General characteristics
- Class & type: LST-1 class tank landing ship
- Displacement: 1,625 long tons (1,651 t) light; 4,080 long tons (4,145 t) full;
- Length: 328 ft (100 m)
- Beam: 50 ft (15 m)
- Draft: Unloaded :; 2 ft 4 in (0.71 m) bow; 7 ft 6 in (2.29 m) stern; Loaded :; 8 ft 2 in (2.49 m) bow; 14 ft 1 in (4.29 m) stern;
- Propulsion: 2 × General Motors 12-567 diesel engines, two shafts, twin rudders
- Speed: 12 knots (14 mph; 22 km/h)
- Boats & landing craft carried: Six LCVPs
- Troops: 14 officers, 131 enlisted men
- Complement: 9 officers, 120 enlisted men
- Armament: 2 × twin 40 mm gun mounts (Mark 51 director); 4 × single 40 mm gun mounts; 12 × single 20 mm gun mounts;

Service record
- Operations: World War II; Operation Husky; Operation Avalanche; Operation Overlord;
- Awards: 3 battle stars

= USS LST-317 =

1943 LST-1-class tank landing ship

USS LST-317 was one of 390 tank landing ships (LSTs) built for the United States Navy during World War II.

LST-317 was laid down on 15 October 1942 at the New York Navy Yard; launched on 28 January 1943; sponsored by Mrs.
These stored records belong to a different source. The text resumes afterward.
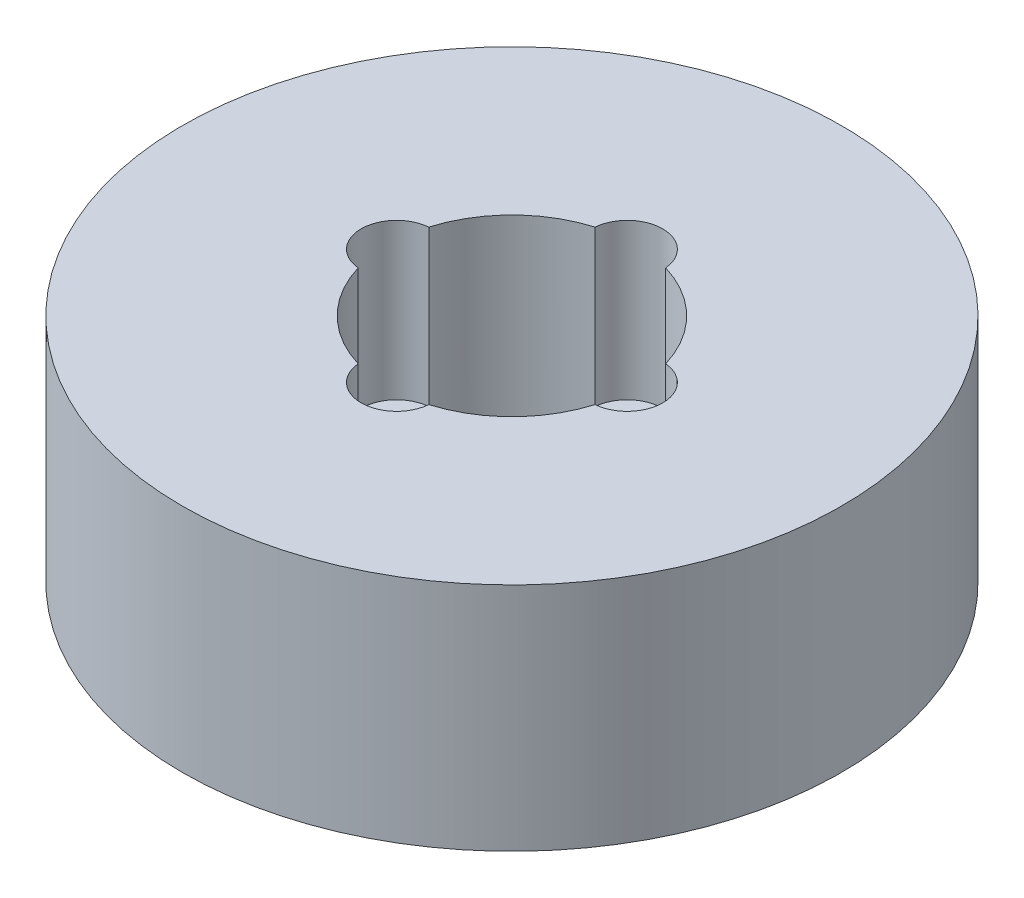
SolidWorks part; units mm, degrees
ref_plane "Front Plane" through (0, 0, 0) normal (0, 0, 1) x (1, 0, 0)
ref_plane "Top Plane" through (0, 0, 0) normal (0, 1, 0) x (1, 0, 0)
ref_plane "Right Plane" through (0, 0, 0) normal (1, 0, 0) x (0, 0, -1)
sketch "Sketch1" plane through (0, 0, 0) normal (0, 1, 0) x (1, 0, 0)
  circle A0 centre (0, 0) radius 20
  dimension "FLANGE_OD" = 40
extrude "Boss-Extrude1" add sketch "Sketch1" along normal blind 14
sketch "Sketch2" plane through (0, 0, 0) normal (0, 1, 0) x (1, 0, 0)
  circle A0 centre (0, 0) radius 7.5
  dimension "BORE_D" = 15
extrude "Cut-Extrude1" cut sketch "Sketch2" along normal through all
sketch "Sketch3" plane through (0, 14, 0) normal (0, 1, 0) x (1, 0, 0)
  circle A0 centre (0, 0) radius 6.9981 construction
  circle A1 centre (-6.9981, 0) radius 2.1518
  dimension "BOLT_D" = 4.3036
  dimension "BOLT_PCD" = 13.9962
extrude "Cut-Extrude2" cut sketch "Sketch3" against normal blind 9.4315
pattern_circular "CirPattern1" count 4 over 360 about axis through (0, 0, 0) along (0, 1, 0) of "Cut-Extrude2"
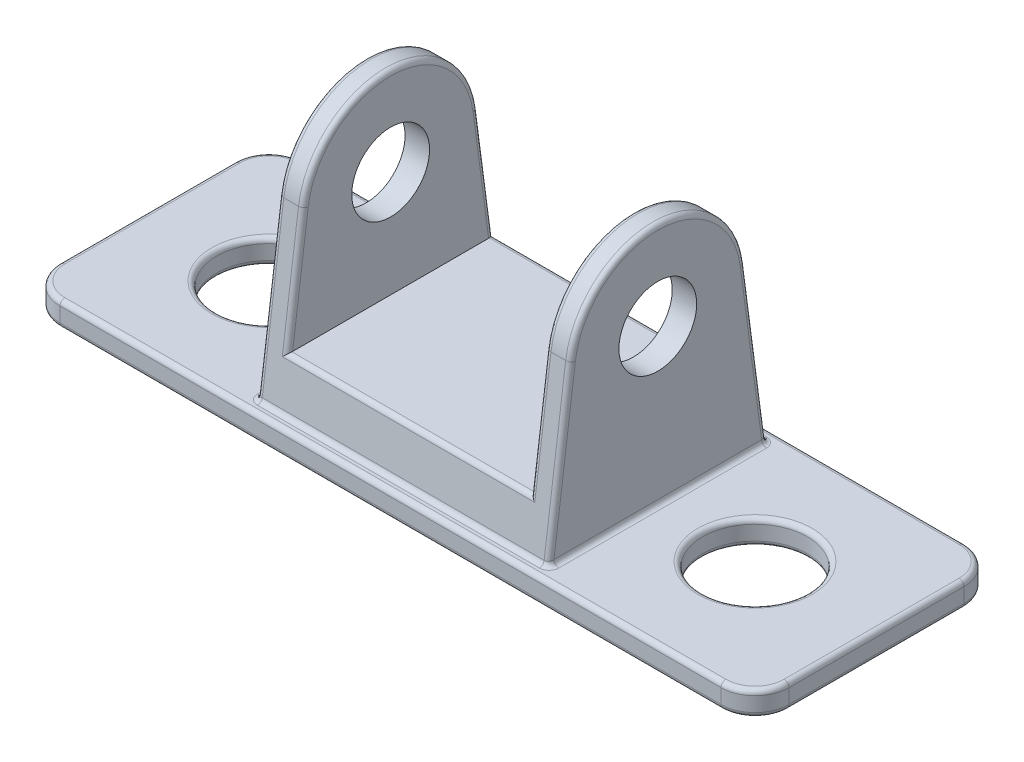
SolidWorks part; units mm, degrees
ref_plane "Front Plane" through (0, 0, 0) normal (0, 0, 1) x (1, 0, 0)
ref_plane "Top Plane" through (0, 0, 0) normal (0, 1, 0) x (1, 0, 0)
ref_plane "Right Plane" through (0, 0, 0) normal (1, 0, 0) x (0, 0, -1)
sketch "Sketch2" plane through (0, 0, 0) normal (0, 1, 0) x (1, 0, 0)
  line L0 (0, 25) -> (0, -25) construction
  line L1 (-68, 25) -> (68, 25)
  line L2 (-75, 18) -> (-75, -18)
  line L3 (-68, -25) -> (68, -25)
  line L4 (75, 18) -> (75, -18)
  arc A0 (-75, -18) -> (-68, -25) centre (-68, -18) ccw
  arc A1 (68, -25) -> (75, -18) centre (68, -18) ccw
  arc A2 (68, 25) -> (75, 18) centre (68, 18) cw
  arc A3 (-68, 25) -> (-75, 18) centre (-68, 18) ccw
  point P0 (0, 0)
  point P8 (0, 0)
  point P9 (-91.495, 33.241)
  dimension "D1" = 7
extrude "Boss-Extrude1" add sketch "Sketch2" along normal blind 5
sketch "Sketch3" plane through (0, 5, 0) normal (0, 1, 0) x (1, 0, 0)
  line L0 (2.1575, 22.5) -> (2.1575, 25) construction
  line L1 (-30, 22.5) -> (30, 22.5)
  line L2 (-30, 22.5) -> (-30, -22.5)
  line L3 (-30, -22.5) -> (30, -22.5)
  line L4 (30, 22.5) -> (30, -22.5)
  line L5 (68, 25) -> (-68, 25) construction
  line L6 (8.1985, -22.5) -> (8.1985, -25) construction
  line L7 (-68, -25) -> (68, -25) construction
  line L8 (-75, 5.1953) -> (-30, 5.1953) construction
  line L9 (-75, 18) -> (-75, -18) construction
  line L10 (30, 5.1953) -> (75, 5.1953) construction
  line L11 (75, -18) -> (75, 18) construction
  point P0 (0, 0)
  point P22 (27.7384, 23.231)
extrude "Boss-Extrude2" add sketch "Sketch3" along normal blind 50
sketch "Sketch4" plane through (30, 0, 0) normal (1, 0, 0) x (0, 0, -1)
  line L0 (0, 55) -> (0, 5) construction
  line L3 (-22.5, 5) -> (-17.9566, 39.267)
  line L4 (22.5, 5) -> (17.9566, 39.267)
  line L5 (-22.5, 5) -> (-22.5, 55)
  line L6 (-22.5, 55) -> (22.5, 55)
  line L7 (22.5, 55) -> (22.5, 5)
  arc A1 (17.9566, 39.267) -> (-17.9566, 39.267) centre (0, 36.8862) ccw
  line M3 (22.5, 5) -> (22.5, 55)
  line M4 (22.5, 55) -> (-22.5, 55)
  line M5 (-22.5, 55) -> (-22.5, 5)
extrude "Cut-Extrude1" cut sketch "Sketch4" against normal blind 86 contours A1 L4 M3 M4 | A1 L6 L3 M5 region at (30, 41.4623, 18.5283) region at (30, 41.4623, -18.5283)
sketch "Sketch5" plane through (0, 0, -25) normal (0, 0, -1) x (-1, 0, 0)
  line L0 (30, 39.267) -> (-30, 39.267) construction
  line L1 (-24.9711, 63.5341) -> (24.9711, 63.5341)
  line L2 (-24.9711, 63.5341) -> (-24.9711, 15)
  line L3 (-24.9711, 15) -> (24.9711, 15)
  line L4 (24.9711, 63.5341) -> (24.9711, 15)
  line L5 (-24.9711, 63.5341) -> (24.9711, 15) construction
  line L6 (-24.9711, 15) -> (24.9711, 63.5341) construction
  line L7 (-11.3598, 15) -> (-11.3598, 5)
  line L8 (-30, 5) -> (30, 5) construction
  point P0 (0, 39.267)
extrude "Cut-Extrude2" cut sketch "Sketch5" against normal blind 86 contours L4 L1 L2 L3 region at (0, 39.267, -25)
sketch "Sketch6" plane through (-30, 0, 0) normal (-1, 0, 0) x (0, 0, 1)
  circle A0 centre (0, 36.8862) radius 8
extrude "Cut-Extrude3" cut sketch "Sketch6" against normal blind 86
sketch "Sketch8" plane through (0, 5, 0) normal (0, 1, 0) x (1, 0, 0)
  line L0 (-50, 25) -> (-50, -25) construction
  line L1 (68, 25) -> (-68, 25) construction
  line L2 (-68, -25) -> (68, -25) construction
  line L3 (-50, 0) -> (-75, 0) construction
  line L4 (-75, 18) -> (-75, -18) construction
  line L5 (-65.9113, 0) -> (-65.9113, 25) construction
  circle A0 centre (-50, 0) radius 10.7811
extrude "Cut-Extrude4" cut sketch "Sketch8" against normal blind 86
ref_plane "Plane1" through (0, 0, 0) normal (1, 0, 0) x (0, 0, -1)
mirror "Mirror1" about plane through (0, 0, 0) normal (1, 0, 0) of "Cut-Extrude4"
fillet "Fillet1" radius 1 38 edges at (0, 5, 22.5) (-30, 5, 0) (30, 5, 0) (-30, 22.1335, 20.2283) (-24.9711, 27.1335, 19.5654) (24.9711, 27.1335, 19.5654) (30, 22.1335, 20.2283) (-72.9497, 0, 22.9497) (-75, 0, 0) (-72.9497, 0, -22.9497) (0, 0, -25) (72.9497, 0, -22.9497) (75, 0, 0) (72.9497, 0, 22.9497) (-72.9497, 5, 22.9497) (-75, 5, 0) (-72.9497, 5, -22.9497) (0, 5, -25) (72.9497, 5, -22.9497) (75, 5, 0) (72.9497, 5, 22.9497) (-30, 22.1335, -20.2283) (0, 5, -22.5) (30, 22.1335, -20.2283) (24.9711, 27.1335, -19.5654) (0, 15, -21.1741) (-24.9711, 27.1335, -19.5654) (-30, 55, 0) (-24.9711, 55, 0) (24.9711, 55, 0) (30, 55, 0) (-50, 5, 10.7811) (-50, 0, 10.7811) (50, 0, 10.7811) (50, 5, 10.7811) (0, 15, 21.1741) (0, 0, 25) (0, 5, 25)
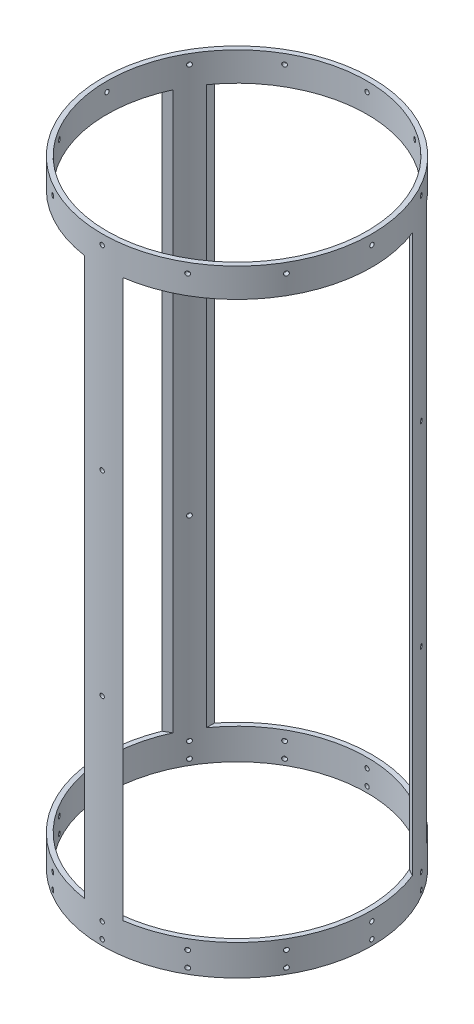
SolidWorks part; units mm, degrees
material "6061-T6 (SS)"
ref_plane "Front Plane" through (0, 0, 0) normal (0, 0, 1) x (1, 0, 0)
ref_plane "Top Plane" through (0, 0, 0) normal (0, 1, 0) x (1, 0, 0)
ref_plane "Right Plane" through (0, 0, 0) normal (1, 0, 0) x (0, 0, -1)
sketch "Sketch1" plane through (0, 0, 0) normal (0, 1, 0) x (1, 0, 0)
  circle A0 centre (0, 0) radius 88.9
  circle A1 centre (0, 0) radius 85.725
  dimension "D1" = 177.8
  dimension "D2" = 171.45
extrude "Boss-Extrude1" add sketch "Sketch1" along normal mid plane 406.4
sketch "Sketch2" plane through (0, 0, 0) normal (0, 0, 1) x (1, 0, 0)
  line L0 (85.725, 203.2) -> (-85.725, 203.2) construction
  line L1 (-69.85, -182.88) -> (69.85, -182.88)
  line L2 (-69.85, -182.88) -> (-69.85, 184.15)
  line L3 (-69.85, 184.15) -> (69.85, 184.15)
  line L4 (69.85, -182.88) -> (69.85, 184.15)
  line L5 (-69.85, -182.88) -> (69.85, 184.15) construction
  line L6 (-69.85, 184.15) -> (69.85, -182.88) construction
  line L7 (88.9, -203.2) -> (88.9, 203.2) construction
  line L8 (-88.9, 203.2) -> (-88.9, -203.2) construction
  line L9 (-88.9, -203.2) -> (88.9, -203.2) construction
  point P0 (0, 0)
  dimension "D1" = 19.05
  dimension "D2" = 19.05
  dimension "D3" = 19.05
  dimension "D4" = 20.32
extrude "Cut-Extrude1" cut sketch "Sketch2" against normal up to surface (54.9926 mm away) up to face at (0, 203.2, 88.9)
pattern_circular "CirPattern1" count 3 over 360 about axis through (0, 203.2, 0) along (0, -1, 0) of "Cut-Extrude1"
ref_plane "Plane1" through (88.9, 0, 0) normal (1, 0, 0) x (0, 0, -1)
sketch "Sketch3" plane through (88.9, 0, 0) normal (1, 0, 0) x (0, 0, -1)
  line L0 (32.9956, -182.88) -> (-87.9882, -182.88) construction
  line L1 (-88.9, -203.2) -> (88.9, -203.2) construction
  circle A0 centre (0, -199.39) radius 1.4351
  circle A1 centre (0, -189.23) radius 1.4351
  dimension "D1" = 3.81
  dimension "D2" = 2.8702
  dimension "D3" = 2.8702
  dimension "D4" = 6.35
extrude "Cut-Extrude2" cut sketch "Sketch3" against normal blind 15.24
pattern_circular "CirPattern2" count 12 over 360 about axis through (0, 203.2, 0) along (0, -1, 0) of "Cut-Extrude2" reverse direction yes
sketch "Sketch4" plane through (88.9, 0, 0) normal (1, 0, 0) x (0, 0, -1)
  line L0 (0, 97.79) -> (0, -97.79) construction
  line L1 (88.9, 203.2) -> (-88.9, 203.2) construction
  circle A0 centre (0, 196.85) radius 1.4351
  dimension "D1" = 2.8702
  dimension "D2" = 6.35
extrude "Cut-Extrude3" cut sketch "Sketch4" against normal blind 15.24
pattern_circular "CirPattern3" count 12 over 360 about axis through (0, 203.2, 0) along (0, -1, 0) of "Cut-Extrude3"
ref_plane "Plane2" through (0, 0, 88.9) normal (0, 0, 1) x (1, 0, 0)
sketch "Sketch5" plane through (0, 0, 88.9) normal (0, 0, 1) x (1, 0, 0)
  circle A0 centre (0, 68.1736) radius 1.4351
  circle A1 centre (0, -60.5536) radius 1.4351
  circle A2 centre (0, 196.85) radius 1.4351 construction
  circle A3 centre (0, -189.23) radius 1.4351 construction
  dimension "D1" = 128.6764
  dimension "D2" = 128.6764
  dimension "D3" = 2.8702
  dimension "D4" = 2.8702
extrude "Cut-Extrude4" cut sketch "Sketch5" against normal blind 35.56
pattern_circular "CirPattern4" count 3 over 360 about axis through (0, 203.2, 0) along (0, -1, 0) of "Cut-Extrude4"
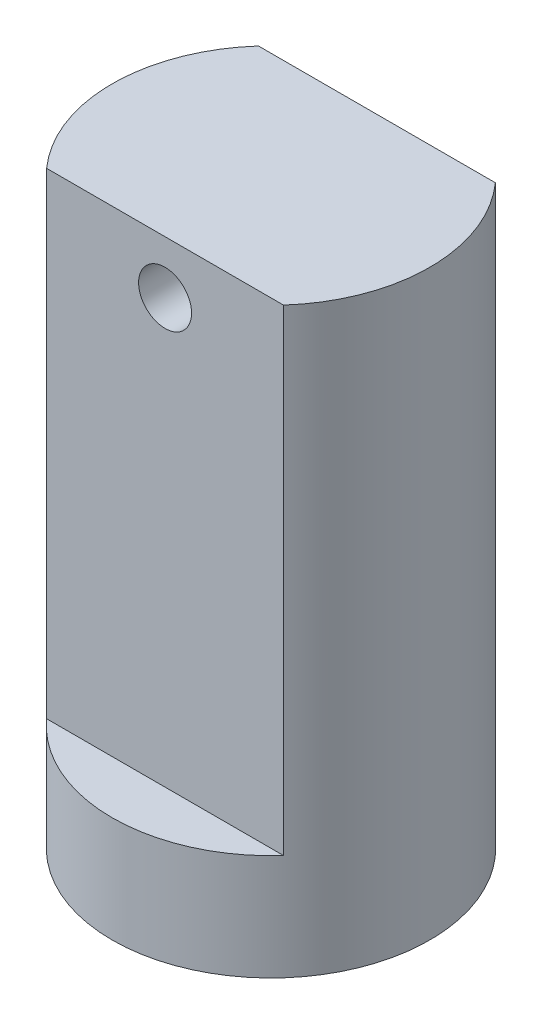
SolidWorks part; units mm, degrees
ref_plane "Front Plane" through (0, 0, 0) normal (0, 0, 1) x (1, 0, 0)
ref_plane "Top Plane" through (0, 0, 0) normal (0, 1, 0) x (1, 0, 0)
ref_plane "Right Plane" through (0, 0, 0) normal (1, 0, 0) x (0, 0, -1)
sketch "Sketch1" plane through (0, 0, 0) normal (0, 1, 0) x (1, 0, 0)
  circle A0 centre (0, 0) radius 38.1
  dimension "D1" = 76.2
extrude "Boss-Extrude1" add sketch "Sketch1" along normal blind 139.7
sketch "Sketch2" plane through (0, 0, 0) normal (0, -1, 0) x (1, 0, 0)
  circle A0 centre (0, 0) radius 6.35
  dimension "D1" = 12.7
extrude "Cut-Extrude1" cut sketch "Sketch2" against normal blind 25.4
sketch "Sketch3" plane through (0, 0, 0) normal (0, 0, 1) x (1, 0, 0)
  line L0 (38.1, 0) -> (38.1, 139.7) construction
  line L1 (-38.1, 139.7) -> (38.1, 139.7)
  line L2 (-38.1, 139.7) -> (-38.1, 25.4)
  line L3 (-38.1, 25.4) -> (38.1, 25.4)
  line L4 (38.1, 139.7) -> (38.1, 25.4)
  dimension "D1" = 114.3
extrude "Cut-Extrude2" cut sketch "Sketch3" along normal blind 25.4 from offset 25.4
extrude "Cut-Extrude3" cut sketch "Sketch3<2>" against normal blind 25.4 from offset 25.4 offset against normal yes
sketch "Sketch3<2>" plane through (0, 0, 0) normal (0, 0, 1) x (1, 0, 0) same geometry as "Sketch3"
sketch "Sketch4" plane through (0, 0, 25.4) normal (0, 0, 1) x (1, 0, 0)
  line L0 (-28.3981, 139.7) -> (28.3981, 139.7) construction
  circle A0 centre (0, 127) radius 6.35
  dimension "D2" = 12.7
  dimension "D1" = 12.7
extrude "Cut-Extrude4" cut sketch "Sketch4" against normal through all
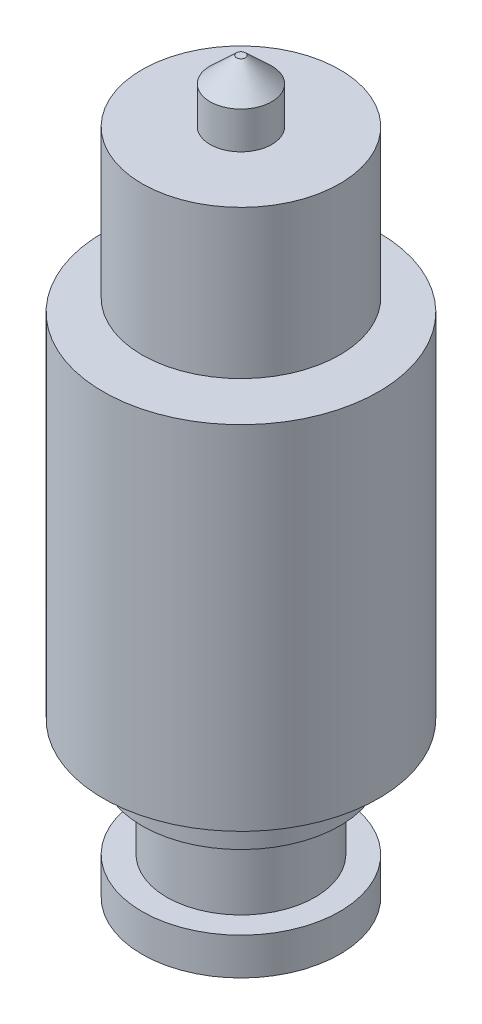
SolidWorks part; units mm, degrees
material "AISI 1035 Steel (SS)"
ref_plane "Front Plane" through (0, 0, 0) normal (0, 0, 1) x (1, 0, 0)
ref_plane "Top Plane" through (0, 0, 0) normal (0, 1, 0) x (1, 0, 0)
ref_plane "Right Plane" through (0, 0, 0) normal (1, 0, 0) x (0, 0, -1)
sketch "Sketch1" plane through (0, 0, 0) normal (0, 1, 0) x (1, 0, 0)
  circle A0 centre (0, 0) radius 8
  dimension "D1" = 16
extrude "Boss-Extrude1" add sketch "Sketch1" along normal blind 3
sketch "Sketch2" plane through (0, 3, 0) normal (0, 1, 0) x (1, 0, 0)
  circle A0 centre (0, 0) radius 6
  dimension "D1" = 12
extrude "Boss-Extrude2" add sketch "Sketch2" along normal blind 6
sketch "Sketch3" plane through (0, 9, 0) normal (0, 1, 0) x (1, 0, 0)
  circle A0 centre (0, 0) radius 8
  dimension "D1" = 16
extrude "Boss-Extrude3" add sketch "Sketch3" along normal blind 1.5
sketch "Sketch4" plane through (0, 10.5, 0) normal (0, 1, 0) x (1, 0, 0)
  circle A0 centre (0, 0) radius 5
  dimension "D1" = 10
extrude "Boss-Extrude4" add sketch "Sketch4" along normal blind 2
sketch "Sketch5" plane through (0, 12.5, 0) normal (0, 1, 0) x (1, 0, 0)
  circle A0 centre (0, 0) radius 11.15
  dimension "D1" = 22.3
extrude "Boss-Extrude5" add sketch "Sketch5" along normal blind 28.5
sketch "Sketch6" plane through (0, 41, 0) normal (0, 1, 0) x (1, 0, 0)
  circle A0 centre (0, 0) radius 2
  dimension "D1" = 4
extrude "Boss-Extrude6" add sketch "Sketch6" along normal blind 1
sketch "Sketch7" plane through (0, 42, 0) normal (0, 1, 0) x (1, 0, 0)
  circle A0 centre (0, 0) radius 8
  dimension "D1" = 16
extrude "Boss-Extrude7" add sketch "Sketch7" along normal blind 12
sketch "Sketch8" plane through (0, 54, 0) normal (0, 1, 0) x (1, 0, 0)
  circle A0 centre (0, 0) radius 2.5
  dimension "D1" = 5
extrude "Boss-Extrude8" add sketch "Sketch8" along normal blind 3
sketch "Sketch9" plane through (0, 57, 0) normal (0, 1, 0) x (1, 0, 0)
  circle A0 centre (0, 0) radius 2.5
extrude "Boss-Extrude9" add sketch "Sketch9" along normal blind 2 draft 47
ref_plane "Plane1" through (0, 0, 0) normal (0, 0, 1) x (1, 0, 0)
sketch "草图1" plane through (0, 0, 0) normal (0, -1, 0) x (-1, 0, 0)
  circle A0 centre (0, 0) radius 2.5
  dimension "D1" = 5
extrude "切除-拉伸1" cut sketch "草图1" against normal blind 10
equation "\"D1@Boss-Extrude5\"=43-12.5-2"

Florence Whitehouse; and commissioned on 6 February 1943.

==Service history==
During World War II, LST-317 was assigned to the European theater and participated in the Sicilian occupation (July 1943), Salerno landings (September 1943), and Invasion of Normandy (June 1944).

Upon her return to the United States, she was decommissioned on 18 May 1945 for conversion to landing craft repair ship USS Conus (ARL-44) at the New York Navy Yard. The conversion was canceled 12 September 1945 and the ship reverted to LST-317; she was struck from the Naval Vessel Register on 12 March 1946. On 22 January 1947 the tank landing ship was sold to A. G. Schoonmaker for scrapping.

LST-317 earned three battle stars for World War II service.